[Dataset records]
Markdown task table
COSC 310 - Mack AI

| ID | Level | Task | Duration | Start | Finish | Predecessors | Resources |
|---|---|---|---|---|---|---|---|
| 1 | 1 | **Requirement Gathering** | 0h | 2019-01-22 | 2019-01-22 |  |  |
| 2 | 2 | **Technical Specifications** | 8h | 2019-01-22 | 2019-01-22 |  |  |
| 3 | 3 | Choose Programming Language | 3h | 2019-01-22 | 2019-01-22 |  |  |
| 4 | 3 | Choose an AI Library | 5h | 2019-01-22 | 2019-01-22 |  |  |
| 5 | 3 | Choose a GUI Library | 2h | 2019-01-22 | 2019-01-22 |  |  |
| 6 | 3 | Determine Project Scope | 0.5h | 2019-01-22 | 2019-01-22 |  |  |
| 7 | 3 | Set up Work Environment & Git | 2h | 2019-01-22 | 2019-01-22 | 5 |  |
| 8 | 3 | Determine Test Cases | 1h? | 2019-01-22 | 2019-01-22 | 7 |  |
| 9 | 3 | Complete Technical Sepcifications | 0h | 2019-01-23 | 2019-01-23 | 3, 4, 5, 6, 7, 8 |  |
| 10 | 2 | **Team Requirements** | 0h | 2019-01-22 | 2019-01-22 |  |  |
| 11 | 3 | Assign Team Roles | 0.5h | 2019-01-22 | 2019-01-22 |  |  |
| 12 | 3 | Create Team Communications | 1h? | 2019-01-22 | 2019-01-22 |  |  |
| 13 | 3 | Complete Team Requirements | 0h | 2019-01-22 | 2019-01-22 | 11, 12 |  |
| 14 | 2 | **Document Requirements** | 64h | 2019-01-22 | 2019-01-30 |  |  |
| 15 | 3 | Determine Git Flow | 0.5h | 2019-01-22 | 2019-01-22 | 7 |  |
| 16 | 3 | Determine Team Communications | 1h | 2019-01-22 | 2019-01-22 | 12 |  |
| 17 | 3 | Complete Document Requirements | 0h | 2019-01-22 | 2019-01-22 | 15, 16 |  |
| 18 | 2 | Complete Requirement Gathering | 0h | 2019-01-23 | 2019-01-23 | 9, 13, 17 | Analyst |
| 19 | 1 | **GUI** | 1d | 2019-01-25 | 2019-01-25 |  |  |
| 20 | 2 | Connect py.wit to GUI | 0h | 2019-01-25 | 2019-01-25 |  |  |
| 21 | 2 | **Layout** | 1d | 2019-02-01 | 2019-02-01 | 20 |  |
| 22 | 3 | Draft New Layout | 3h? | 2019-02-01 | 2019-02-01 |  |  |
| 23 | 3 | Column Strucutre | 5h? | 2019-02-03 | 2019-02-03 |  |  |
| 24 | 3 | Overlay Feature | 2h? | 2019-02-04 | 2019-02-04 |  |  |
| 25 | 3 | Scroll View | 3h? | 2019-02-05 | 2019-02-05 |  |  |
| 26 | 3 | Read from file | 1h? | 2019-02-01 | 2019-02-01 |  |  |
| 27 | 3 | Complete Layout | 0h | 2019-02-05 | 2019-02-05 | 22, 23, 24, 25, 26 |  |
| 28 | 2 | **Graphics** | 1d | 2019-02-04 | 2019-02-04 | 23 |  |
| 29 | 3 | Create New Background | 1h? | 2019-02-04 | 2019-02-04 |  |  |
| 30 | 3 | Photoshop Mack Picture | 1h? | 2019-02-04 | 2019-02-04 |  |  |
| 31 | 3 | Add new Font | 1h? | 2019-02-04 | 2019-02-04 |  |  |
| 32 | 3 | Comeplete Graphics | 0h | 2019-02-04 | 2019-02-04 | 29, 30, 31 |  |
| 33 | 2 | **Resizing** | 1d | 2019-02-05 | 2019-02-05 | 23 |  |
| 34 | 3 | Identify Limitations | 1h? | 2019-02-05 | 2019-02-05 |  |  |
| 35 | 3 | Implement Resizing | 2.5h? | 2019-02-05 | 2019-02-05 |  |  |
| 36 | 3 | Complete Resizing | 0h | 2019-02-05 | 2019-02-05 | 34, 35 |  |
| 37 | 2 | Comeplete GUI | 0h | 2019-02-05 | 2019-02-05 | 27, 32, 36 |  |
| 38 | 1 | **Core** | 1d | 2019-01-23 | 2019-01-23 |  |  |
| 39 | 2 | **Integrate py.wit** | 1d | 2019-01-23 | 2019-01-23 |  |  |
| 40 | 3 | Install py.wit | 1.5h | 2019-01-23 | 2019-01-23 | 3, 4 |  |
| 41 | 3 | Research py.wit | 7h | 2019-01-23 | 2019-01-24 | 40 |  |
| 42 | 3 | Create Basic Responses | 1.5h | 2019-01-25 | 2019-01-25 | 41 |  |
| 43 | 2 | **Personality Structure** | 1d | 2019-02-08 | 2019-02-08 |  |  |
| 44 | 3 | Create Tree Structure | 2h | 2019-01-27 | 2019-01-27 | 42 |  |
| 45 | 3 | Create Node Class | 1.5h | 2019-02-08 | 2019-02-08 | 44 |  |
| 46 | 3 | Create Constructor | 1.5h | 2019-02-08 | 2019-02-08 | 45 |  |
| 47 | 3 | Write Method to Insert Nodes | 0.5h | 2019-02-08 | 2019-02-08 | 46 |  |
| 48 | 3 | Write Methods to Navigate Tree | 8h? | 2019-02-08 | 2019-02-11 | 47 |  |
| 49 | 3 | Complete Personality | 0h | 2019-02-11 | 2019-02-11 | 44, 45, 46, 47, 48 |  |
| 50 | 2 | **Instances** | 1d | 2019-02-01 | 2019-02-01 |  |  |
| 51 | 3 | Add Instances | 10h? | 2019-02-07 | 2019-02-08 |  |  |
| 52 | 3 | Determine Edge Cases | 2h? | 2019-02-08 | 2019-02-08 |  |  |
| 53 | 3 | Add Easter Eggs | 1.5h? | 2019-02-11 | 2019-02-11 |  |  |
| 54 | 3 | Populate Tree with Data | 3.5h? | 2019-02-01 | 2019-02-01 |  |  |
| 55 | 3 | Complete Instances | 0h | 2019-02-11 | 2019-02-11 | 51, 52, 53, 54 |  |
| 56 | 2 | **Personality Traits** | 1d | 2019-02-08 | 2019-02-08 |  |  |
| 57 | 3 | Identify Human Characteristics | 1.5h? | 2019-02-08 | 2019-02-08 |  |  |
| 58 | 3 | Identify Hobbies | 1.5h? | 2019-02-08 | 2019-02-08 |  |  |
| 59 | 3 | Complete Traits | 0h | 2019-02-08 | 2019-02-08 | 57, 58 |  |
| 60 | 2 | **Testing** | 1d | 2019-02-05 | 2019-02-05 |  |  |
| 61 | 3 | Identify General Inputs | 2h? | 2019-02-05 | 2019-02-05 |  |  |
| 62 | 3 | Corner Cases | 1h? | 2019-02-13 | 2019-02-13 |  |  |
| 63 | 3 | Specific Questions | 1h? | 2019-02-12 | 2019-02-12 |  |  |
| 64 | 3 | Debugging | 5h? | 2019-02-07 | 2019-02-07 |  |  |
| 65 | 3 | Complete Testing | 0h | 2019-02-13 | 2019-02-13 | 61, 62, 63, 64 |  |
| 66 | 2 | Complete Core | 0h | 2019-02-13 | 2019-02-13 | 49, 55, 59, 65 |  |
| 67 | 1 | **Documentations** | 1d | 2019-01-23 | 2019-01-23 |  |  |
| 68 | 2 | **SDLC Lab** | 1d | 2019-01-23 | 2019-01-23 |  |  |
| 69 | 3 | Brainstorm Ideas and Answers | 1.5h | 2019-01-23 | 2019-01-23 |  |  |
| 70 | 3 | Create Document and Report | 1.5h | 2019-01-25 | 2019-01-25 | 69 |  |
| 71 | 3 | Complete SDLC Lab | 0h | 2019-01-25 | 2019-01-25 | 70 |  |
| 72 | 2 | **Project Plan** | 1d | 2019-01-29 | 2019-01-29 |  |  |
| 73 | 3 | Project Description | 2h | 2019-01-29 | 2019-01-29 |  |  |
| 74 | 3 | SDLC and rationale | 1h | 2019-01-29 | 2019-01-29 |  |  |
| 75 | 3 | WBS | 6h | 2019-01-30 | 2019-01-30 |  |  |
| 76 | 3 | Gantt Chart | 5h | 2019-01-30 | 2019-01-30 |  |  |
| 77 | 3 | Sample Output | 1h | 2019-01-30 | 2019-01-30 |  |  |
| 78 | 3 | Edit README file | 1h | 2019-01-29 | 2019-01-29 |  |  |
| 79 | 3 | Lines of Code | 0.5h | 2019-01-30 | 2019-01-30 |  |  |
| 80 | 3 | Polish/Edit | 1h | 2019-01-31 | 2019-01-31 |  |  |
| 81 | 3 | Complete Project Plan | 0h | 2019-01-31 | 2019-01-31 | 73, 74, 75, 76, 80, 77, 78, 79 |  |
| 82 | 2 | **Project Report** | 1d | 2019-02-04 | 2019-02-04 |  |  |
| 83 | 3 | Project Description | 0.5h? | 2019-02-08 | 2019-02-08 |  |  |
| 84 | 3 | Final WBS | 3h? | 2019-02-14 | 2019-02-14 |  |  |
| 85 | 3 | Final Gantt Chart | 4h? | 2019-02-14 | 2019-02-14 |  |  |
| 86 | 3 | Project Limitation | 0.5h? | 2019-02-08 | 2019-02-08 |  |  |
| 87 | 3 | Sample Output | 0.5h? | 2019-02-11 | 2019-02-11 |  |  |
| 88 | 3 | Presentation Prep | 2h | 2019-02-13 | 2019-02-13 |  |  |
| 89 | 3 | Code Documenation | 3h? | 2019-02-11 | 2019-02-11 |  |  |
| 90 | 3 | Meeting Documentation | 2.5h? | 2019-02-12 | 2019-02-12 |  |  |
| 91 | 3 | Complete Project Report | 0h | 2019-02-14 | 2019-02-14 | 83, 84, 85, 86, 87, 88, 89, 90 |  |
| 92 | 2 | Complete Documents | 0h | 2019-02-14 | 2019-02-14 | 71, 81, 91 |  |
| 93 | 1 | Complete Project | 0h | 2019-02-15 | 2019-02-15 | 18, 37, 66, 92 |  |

> _Instructions to follow_:
Output the lines of the records above exactly as they appear, from the line containing "2 | **Layout**" through the line containing "Add new Font".

> _Solution to the exercise_:
| 21 | 2 | **Layout** | 1d | 2019-02-01 | 2019-02-01 | 20 |  |
| 22 | 3 | Draft New Layout | 3h? | 2019-02-01 | 2019-02-01 |  |  |
| 23 | 3 | Column Strucutre | 5h? | 2019-02-03 | 2019-02-03 |  |  |
| 24 | 3 | Overlay Feature | 2h? | 2019-02-04 | 2019-02-04 |  |  |
| 25 | 3 | Scroll View | 3h? | 2019-02-05 | 2019-02-05 |  |  |
| 26 | 3 | Read from file | 1h? | 2019-02-01 | 2019-02-01 |  |  |
| 27 | 3 | Complete Layout | 0h | 2019-02-05 | 2019-02-05 | 22, 23, 24, 25, 26 |  |
| 28 | 2 | **Graphics** | 1d | 2019-02-04 | 2019-02-04 | 23 |  |
| 29 | 3 | Create New Background | 1h? | 2019-02-04 | 2019-02-04 |  |  |
| 30 | 3 | Photoshop Mack Picture | 1h? | 2019-02-04 | 2019-02-04 |  |  |
| 31 | 3 | Add new Font | 1h? | 2019-02-04 | 2019-02-04 |  |  |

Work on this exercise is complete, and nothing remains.